Task to carry out: Your reply should hold every record exactly as given, with no pictures in it.

[[ Supplied material open ]]

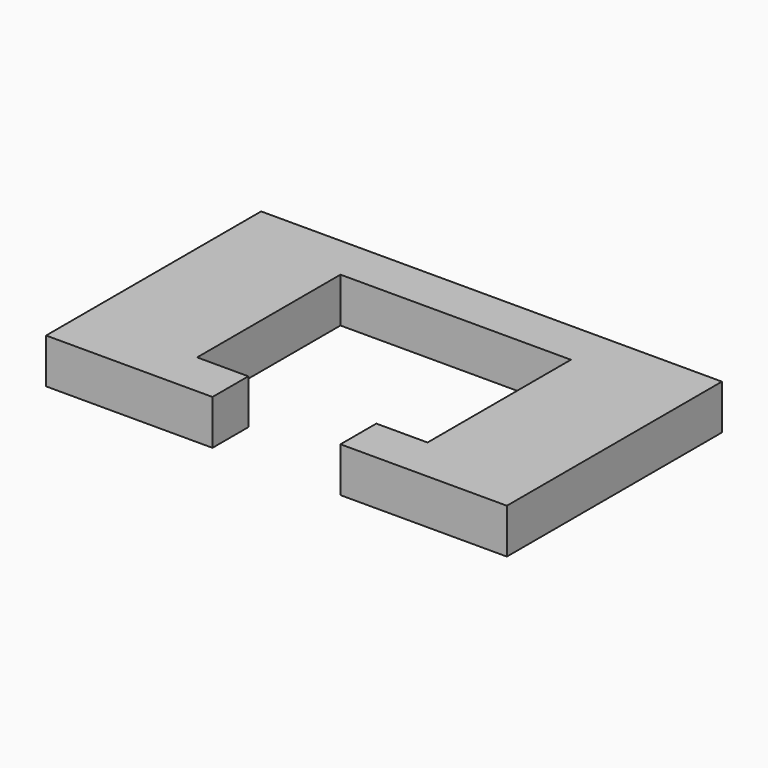
from build123d import *

# Parameters (mm, degrees)
F1_DEPTH = 7


# Not quite as in the source:
# - ends of sketch curves that miss each other by under 0.0002 mm in the source are joined


with BuildPart() as f1:
    # F0 (on Top) → F1 (new body)
    with BuildSketch(Plane.XY):
        Polygon((10, -21), (36, -21), (36, 21), (-36, 21), (-36, -21), (-10, -21), (-10, -13.9999815226), (-18, -14), (-18, 14), (18, 14), (18, -14), (10, -14), align=None)
    extrude(amount=F1_DEPTH)


solid = f1.part

[[ Supplied material closed ]]

Task answer:
from build123d import *

# Parameters (mm, degrees)
F1_DEPTH = 7


# Not quite as in the source:
# - ends of sketch curves that miss each other by under 0.0002 mm in the source are joined


with BuildPart() as f1:
    # F0 (on Top) → F1 (new body)
    with BuildSketch(Plane.XY):
        Polygon((10, -21), (36, -21), (36, 21), (-36, 21), (-36, -21), (-10, -21), (-10, -13.9999815226), (-18, -14), (-18, 14), (18, 14), (18, -14), (10, -14), align=None)
    extrude(amount=F1_DEPTH)


solid = f1.part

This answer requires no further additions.